For the past couple of years, my focus has shifted away from my peers to what I understand to be my role models–lovely, elegant, adult ladies who have traded in naturally smoothed-down hair for artful beauty and style. I guess it goes to show you that I am hung up on beauty somehow, but I guess I favor cultivated growth over raw, natural materials.
Wonder how I’ll feel in five years…
“puberty took my youth away” is the great comment in the history of comments.
it’s really true. RCH is full of pithy gems!
call this number on Monday (503) 768-7341 and ask for Nikki. The library can set your page up for you. It is a service that the library offers.
amazing! THANK YOU!
I am 34 and also a bit stuck on the topic of age, death, and deterioration. This is because (though I am still pretty youthful) I kind of feel like shit half the time. And I also can’t stay up late, drink, or ride in cars (without the proper balance of food/water/sleep beforehand). I don’t like it, but that’s the way it is.
It is hard for me to take a man’s criticism of age-talk seriously because he is not living with these crazy fucking hormonal changes that feel a lot like your body is either begging you to have a child or punishing you if you decide not to. This shit is real! It’s like I’m waiting for a fever to break.
I also think that being 34 makes me feel like I’m really close to aging out of the job market and that I’d better get my shit together soon if I ever want to do anything interesting in my life (for money). Hopefully I am wrong about this.
Anyway, this is a very long way of saying: please don’t stop writing about your weird feelings about getting old! I’d much rather hear it from someone real like yourself than from a ladies mag trying to sell “age-defying cream,” or whatever.

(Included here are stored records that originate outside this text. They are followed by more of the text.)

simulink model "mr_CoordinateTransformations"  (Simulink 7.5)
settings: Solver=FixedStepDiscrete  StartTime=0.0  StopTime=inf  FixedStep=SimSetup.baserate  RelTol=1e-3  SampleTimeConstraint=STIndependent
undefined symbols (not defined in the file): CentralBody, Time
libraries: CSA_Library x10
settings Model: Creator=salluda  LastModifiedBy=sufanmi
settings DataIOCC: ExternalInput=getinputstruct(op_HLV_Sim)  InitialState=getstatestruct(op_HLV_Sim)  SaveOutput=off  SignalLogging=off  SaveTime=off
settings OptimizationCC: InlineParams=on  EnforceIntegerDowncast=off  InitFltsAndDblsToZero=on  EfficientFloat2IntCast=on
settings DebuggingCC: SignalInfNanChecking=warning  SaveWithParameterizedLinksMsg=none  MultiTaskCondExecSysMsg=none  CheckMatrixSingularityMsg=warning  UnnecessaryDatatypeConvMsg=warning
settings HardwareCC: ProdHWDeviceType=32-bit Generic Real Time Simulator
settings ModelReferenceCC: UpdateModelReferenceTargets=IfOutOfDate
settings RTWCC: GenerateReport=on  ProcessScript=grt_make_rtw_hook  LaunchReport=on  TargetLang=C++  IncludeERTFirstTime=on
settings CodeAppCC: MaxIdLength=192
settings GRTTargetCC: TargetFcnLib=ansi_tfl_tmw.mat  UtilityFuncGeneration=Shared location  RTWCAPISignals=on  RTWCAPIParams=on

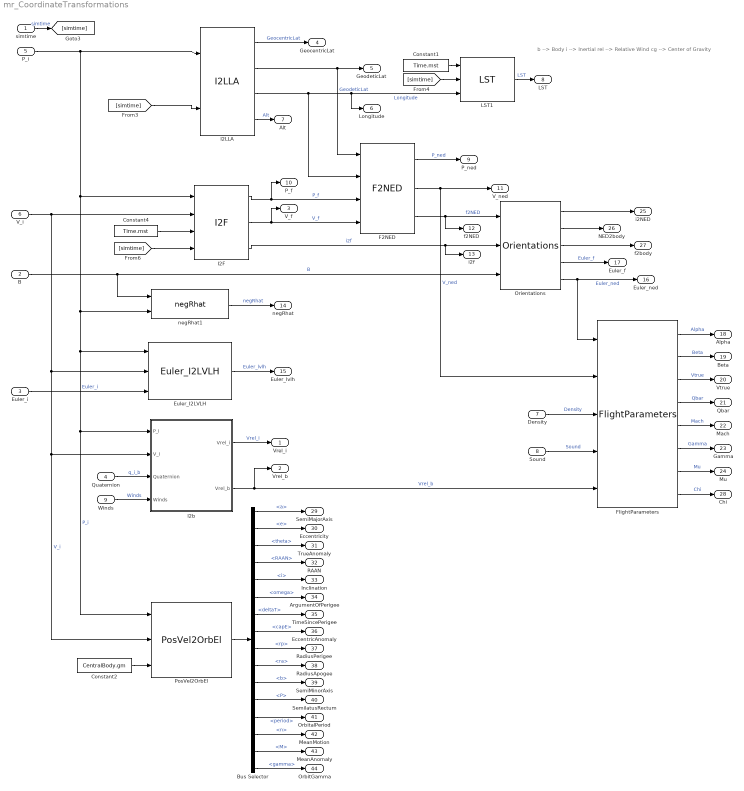
== system mr_CoordinateTransformations ==
  note: b   --> Body
      | i   --> Inertial
      | rel --> Relative Wind
      | cg  --> Center of Gravity
  simtime : Inport  PortDimensions=1  DataType=double  OutDataType=sfix(16)  OutScaling=2^0  OutDataTypeStr=double
  B : Inport  Port=2  PortDimensions=[3 3]  DataType=double  OutDataType=sfix(16)  OutScaling=2^0  OutDataTypeStr=double
  Euler_i : Inport  Port=3  PortDimensions=3  DataType=double  OutDataType=sfix(16)  OutScaling=2^0  OutDataTypeStr=double
  Quaternion : Inport  Port=4  PortDimensions=4  DataType=double  OutDataType=sfix(16)  OutScaling=2^0  OutDataTypeStr=double
  P_i : Inport  Port=5  PortDimensions=3  DataType=double  OutDataType=sfix(16)  OutScaling=2^0  OutDataTypeStr=double
  V_i : Inport  Port=6  PortDimensions=3  DataType=double  OutDataType=sfix(16)  OutScaling=2^0  OutDataTypeStr=double
  Density : Inport  Port=7  PortDimensions=1  DataType=double  OutDataType=sfix(16)  OutScaling=2^0  OutDataTypeStr=double
  Sound : Inport  Port=8  PortDimensions=1  DataType=double  OutDataType=sfix(16)  OutScaling=2^0  OutDataTypeStr=double
  Winds : Inport  Port=9  PortDimensions=3  DataType=double  OutDataType=sfix(16)  OutScaling=2^0  OutDataTypeStr=double
  Bus Selector : BusSelector  OutputSignals=a,e,theta,RAAN,i,omega,deltaT,capE,rp,ra,b,P,period,n,M,gamma
  Constant1 : Constant  Value=Time.mst  OutDataType=sfix(16)  OutScaling=2^0
  Constant2 : Constant  Value=CentralBody.gm  OutDataType=sfix(16)  OutScaling=2^0
  Constant4 : Constant  Value=Time.mst  OutDataType=sfix(16)  OutScaling=2^0
  Euler_I2LVLH : CSA_Library/CoordinateTransformations/Euler_I2LVLH  SystemSampleTime=-1
  F2NED : CSA_Library/CoordinateTransformations/F2NED  SystemSampleTime=-1
  FlightParameters : CSA_Library/FlightParameters/FlightParameters  SystemSampleTime=-1
  I2F : CSA_Library/CoordinateTransformations/I2F  SystemSampleTime=-1
  I2LLA : CSA_Library/CoordinateTransformations/I2LLA  SystemSampleTime=-1
  I2b : Subsystem
  LST1 : CSA_Library/CoordinateTransformations/LST  SystemSampleTime=-1
  Orientations : CSA_Library/CoordinateTransformations/Orientations  SystemSampleTime=-1
  PosVel2OrbEl : CSA_Library/OrbitalDynamics/PosVel2OrbEl  SystemSampleTime=-1
  negRhat1 : CSA_Library/CoordinateTransformations/negRhat  SystemSampleTime=-1
  Vrel_i : Outport  PortDimensions=3  DataType=double  OutDataType=sfix(16)  OutScaling=2^0  OutDataTypeStr=double
  Vrel_b : Outport  Port=2  PortDimensions=3  DataType=double  OutDataType=sfix(16)  OutScaling=2^0  OutDataTypeStr=double
  V_f : Outport  Port=3  PortDimensions=3  DataType=double  OutDataType=sfix(16)  OutScaling=2^0  OutDataTypeStr=double
  GeocentricLat : Outport  Port=4  PortDimensions=1  DataType=double  OutDataType=sfix(16)  OutScaling=2^0  OutDataTypeStr=double
  GeodeticLat : Outport  Port=5  PortDimensions=1  DataType=double  OutDataType=sfix(16)  OutScaling=2^0  OutDataTypeStr=double
  Longitude : Outport  Port=6  PortDimensions=1  DataType=double  OutDataType=sfix(16)  OutScaling=2^0  OutDataTypeStr=double
  Alt : Outport  Port=7  PortDimensions=1  DataType=double  OutDataType=sfix(16)  OutScaling=2^0  OutDataTypeStr=double
  LST : Outport  Port=8  PortDimensions=1  DataType=double  OutDataType=sfix(16)  OutScaling=2^0  OutDataTypeStr=double
  P_ned : Outport  Port=9  PortDimensions=3  DataType=double  OutDataType=sfix(16)  OutScaling=2^0  OutDataTypeStr=double
  P_f : Outport  Port=10  PortDimensions=3  DataType=double  OutDataType=sfix(16)  OutScaling=2^0  OutDataTypeStr=double
  V_ned : Outport  Port=11  PortDimensions=3  DataType=double  OutDataType=sfix(16)  OutScaling=2^0  OutDataTypeStr=double
  f2NED : Outport  Port=12  PortDimensions=[3 3]  DataType=double  OutDataType=sfix(16)  OutScaling=2^0  OutDataTypeStr=double
  i2f : Outport  Port=13  PortDimensions=[3 3]  DataType=double  OutDataType=sfix(16)  OutScaling=2^0  OutDataTypeStr=double
  negRhat : Outport  Port=14  PortDimensions=3  DataType=double  OutDataType=sfix(16)  OutScaling=2^0  OutDataTypeStr=double
  Euler_lvlh : Outport  Port=15  PortDimensions=3  DataType=double  OutDataType=sfix(16)  OutScaling=2^0  OutDataTypeStr=double
  Euler_ned : Outport  Port=16  PortDimensions=3  DataType=double  OutDataType=sfix(16)  OutScaling=2^0  OutDataTypeStr=double
  Euler_f : Outport  Port=17  PortDimensions=3  DataType=double  OutDataType=sfix(16)  OutScaling=2^0  OutDataTypeStr=double
  Alpha : Outport  Port=18  PortDimensions=1  DataType=double  OutDataType=sfix(16)  OutScaling=2^0  OutDataTypeStr=double
  Beta : Outport  Port=19  PortDimensions=1  DataType=double  OutDataType=sfix(16)  OutScaling=2^0  OutDataTypeStr=double
  Vtrue : Outport  Port=20  PortDimensions=1  DataType=double  OutDataType=sfix(16)  OutScaling=2^0  OutDataTypeStr=double
  Qbar : Outport  Port=21  PortDimensions=1  DataType=double  OutDataType=sfix(16)  OutScaling=2^0  OutDataTypeStr=double
  Mach : Outport  Port=22  PortDimensions=1  DataType=double  OutDataType=sfix(16)  OutScaling=2^0  OutDataTypeStr=double
  Gamma : Outport  Port=23  PortDimensions=1  DataType=double  OutDataType=sfix(16)  OutScaling=2^0  OutDataTypeStr=double
  Mu : Outport  Port=24  PortDimensions=1  DataType=double  OutDataType=sfix(16)  OutScaling=2^0  OutDataTypeStr=double
  i2NED : Outport  Port=25  PortDimensions=[3 3]  DataType=double  OutDataType=sfix(16)  OutScaling=2^0  OutDataTypeStr=double
  NED2body : Outport  Port=26  PortDimensions=[3 3]  DataType=double  OutDataType=sfix(16)  OutScaling=2^0  OutDataTypeStr=double
  f2body : Outport  Port=27  PortDimensions=[3 3]  DataType=double  OutDataType=sfix(16)  OutScaling=2^0  OutDataTypeStr=double
  Chi : Outport  Port=28  PortDimensions=1  DataType=double  OutDataType=sfix(16)  OutScaling=2^0  OutDataTypeStr=double
  SemiMajorAxis : Outport  Port=29  PortDimensions=1  OutDataType=sfix(16)  OutScaling=2^0
  Eccentricity : Outport  Port=30  PortDimensions=1  OutDataType=sfix(16)  OutScaling=2^0
  TrueAnomaly : Outport  Port=31  PortDimensions=1  OutDataType=sfix(16)  OutScaling=2^0
  RAAN : Outport  Port=32  PortDimensions=1  OutDataType=sfix(16)  OutScaling=2^0
  Inclination : Outport  Port=33  PortDimensions=1  OutDataType=sfix(16)  OutScaling=2^0
  ArgumentOfPerigee : Outport  Port=34  PortDimensions=1  OutDataType=sfix(16)  OutScaling=2^0
  TimeSincePerigee : Outport  Port=35  PortDimensions=1  OutDataType=sfix(16)  OutScaling=2^0
  EccentricAnomaly : Outport  Port=36  PortDimensions=1  OutDataType=sfix(16)  OutScaling=2^0
  RadiusPerigee : Outport  Port=37  PortDimensions=1  OutDataType=sfix(16)  OutScaling=2^0
  RadiusApogee : Outport  Port=38  PortDimensions=1  OutDataType=sfix(16)  OutScaling=2^0
  SemiMinorAxis : Outport  Port=39  PortDimensions=1  OutDataType=sfix(16)  OutScaling=2^0
  SemilatusRectum : Outport  Port=40  PortDimensions=1  OutDataType=sfix(16)  OutScaling=2^0
  OrbitalPeriod : Outport  Port=41  PortDimensions=1  OutDataType=sfix(16)  OutScaling=2^0
  MeanMotion : Outport  Port=42  PortDimensions=1  OutDataType=sfix(16)  OutScaling=2^0
  MeanAnomaly : Outport  Port=43  PortDimensions=1  OutDataType=sfix(16)  OutScaling=2^0
  OrbitGamma : Outport  Port=44  PortDimensions=1  OutDataType=sfix(16)  OutScaling=2^0
  wires:
  FlightParameters/7 -> Mu/1  "Mu"
  FlightParameters/5 -> Mach/1  "Mach"
  FlightParameters/4 -> Qbar/1  "Qbar"
  FlightParameters/3 -> Vtrue/1  "Vtrue"
  FlightParameters/2 -> Beta/1  "Beta"
  FlightParameters/1 -> Alpha/1  "Alpha"
  Orientations/5 -> Euler_ned/1, FlightParameters/1  "Euler_ned"
  Orientations/4 -> Euler_f/1  "Euler_f"
  Sound/1 -> FlightParameters/4  "Sound"
  Density/1 -> FlightParameters/3  "Density"
  Euler_I2LVLH/1 -> Euler_lvlh/1  "Euler_lvlh"
  F2NED/2 -> V_ned/1, FlightParameters/2  "V_ned"
  F2NED/1 -> P_ned/1  "P_ned"
  LST1/1 -> LST/1  "LST"
  I2LLA/4 -> Alt/1  "Alt"
  I2LLA/1 -> GeocentricLat/1  "GeocentricLat"
  I2b/1(Vrel_i) -> Vrel_i/1  "Vrel_i"
  I2b/2(Vrel_b) -> Vrel_b/1, FlightParameters/5  "Vrel_b"
  Quaternion/1 -> I2b/3(Quaternion)  "q_i_b"
  Winds/1 -> I2b/4(Winds)  "Winds"
  negRhat1/1 -> negRhat/1  "negRhat"
  Euler_i/1 -> Euler_I2LVLH/3  "Euler_i"
  B/1 -> negRhat1/1, Orientations/3  "B"
  F2NED/3 -> f2NED/1, Orientations/1  "f2NED"
  I2F/3 -> i2f/1, Orientations/2  "i2f"
  I2LLA/3 -> Longitude/1, LST1/3, F2NED/2  "Longitude"
  I2LLA/2 -> GeodeticLat/1, F2NED/1  "GeodeticLat"
  I2F/2 -> V_f/1, F2NED/4  "V_f"
  I2F/1 -> P_f/1, F2NED/3  "P_f"
  V_i/1 -> I2b/2(V_i), PosVel2OrbEl/2, Euler_I2LVLH/2, I2F/2  "V_i"
  [simtime] -> I2LLA/2
  P_i/1 -> I2b/1(P_i), PosVel2OrbEl/1, Euler_I2LVLH/1, negRhat1/2, I2F/1, I2LLA/1  "P_i"
  Constant4/1 -> I2F/3
  Constant1/1 -> LST1/1
  [simtime] -> LST1/2
  simtime/1 -> [simtime]  "simtime"
  [simtime] -> I2F/4
  Orientations/1 -> i2NED/1
  Orientations/2 -> NED2body/1
  Orientations/3 -> f2body/1
  FlightParameters/8 -> Chi/1  "Chi"
  FlightParameters/6 -> Gamma/1  "Gamma"
  Constant2/1 -> PosVel2OrbEl/3
  PosVel2OrbEl/1 -> Bus Selector/1
  Bus Selector/1 -> SemiMajorAxis/1  "<a>"
  Bus Selector/2 -> Eccentricity/1  "<e>"
  Bus Selector/3 -> TrueAnomaly/1  "<theta>"
  Bus Selector/4 -> RAAN/1  "<RAAN>"
  Bus Selector/5 -> Inclination/1  "<i>"
  Bus Selector/6 -> ArgumentOfPerigee/1  "<omega>"
  Bus Selector/7 -> TimeSincePerigee/1  "<deltaT>"
  Bus Selector/8 -> EccentricAnomaly/1  "<capE>"
  Bus Selector/9 -> RadiusPerigee/1  "<rp>"
  Bus Selector/10 -> RadiusApogee/1  "<ra>"
  Bus Selector/11 -> SemiMinorAxis/1  "<b>"
  Bus Selector/12 -> SemilatusRectum/1  "<P>"
  Bus Selector/13 -> OrbitalPeriod/1  "<period>"
  Bus Selector/14 -> MeanMotion/1  "<n>"
  Bus Selector/15 -> MeanAnomaly/1  "<M>"
  Bus Selector/16 -> OrbitGamma/1  "<gamma>"

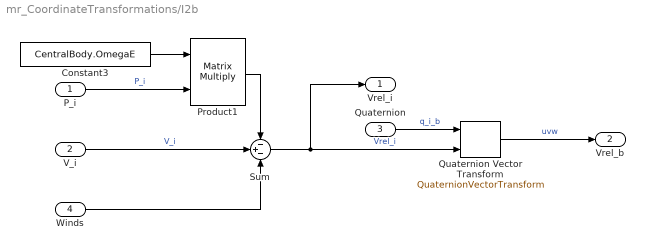
== system mr_CoordinateTransformations/I2b ==
  P_i : Inport  PortDimensions=3  OutDataType=sfix(16)  OutScaling=2^0
  V_i : Inport  Port=2  PortDimensions=3  OutDataType=sfix(16)  OutScaling=2^0
  Quaternion : Inport  Port=3  PortDimensions=4  OutDataType=sfix(16)  OutScaling=2^0
  Winds : Inport  Port=4  PortDimensions=3  OutDataType=sfix(16)  OutScaling=2^0
  Constant3 : Constant  Value=CentralBody.OmegaE  OutDataType=sfix(16)  OutScaling=2^0
  Product1 : Product  Multiplication=Matrix(*)  OutDataType=sfix(16)  OutScaling=2^0  SaturateOnIntegerOverflow=on  OutDataTypeStr=Inherit: Same as first input
  Quaternion Vector Transform : CSA_Library/CoordinateTransformations/QuaternionVectorTransform  SystemSampleTime=-1
  Sum : Sum  Inputs=-+-  OutDataType=sfix(16)  OutScaling=2^0
  Vrel_i : Outport  OutDataType=sfix(16)  OutScaling=2^0
  Vrel_b : Outport  Port=2  OutDataType=sfix(16)  OutScaling=2^0
  wires:
  Winds/1 -> Sum/3
  Sum/1 -> Quaternion Vector Transform/2, Vrel_i/1  "Vrel_i"
  P_i/1 -> Product1/2  "P_i"
  Quaternion/1 -> Quaternion Vector Transform/1  "q_i_b"
  Constant3/1 -> Product1/1
  V_i/1 -> Sum/2  "V_i"
  Quaternion Vector Transform/1 -> Vrel_b/1  "uvw"
  Product1/1 -> Sum/1

I guess I am not thirty-four yet, but well on my way.
What is difficult for me when you speak of your aging body is that I know you and from my perspective you have great genes and a lot of youth left. You talk of your saggy ass and I can’t help but be “OMG, she has NO idea!”. Some of us start with saggy asses at the age of eleven. As much as I deeply love you, it’s too much to take sometimes.
I don’t feel old. I feel like I am aging, but I am really into it. To me it’s a beautiful thing. So many things I used to care about are now no big deal. I felt frumpy as a twenty year-old and now as a thirty year-old I have moments where I am like “Hey… I’m doing all right.”. I just don’t feel like talking with friends about how old we are getting all the way up to fifty and then after fifty just being old.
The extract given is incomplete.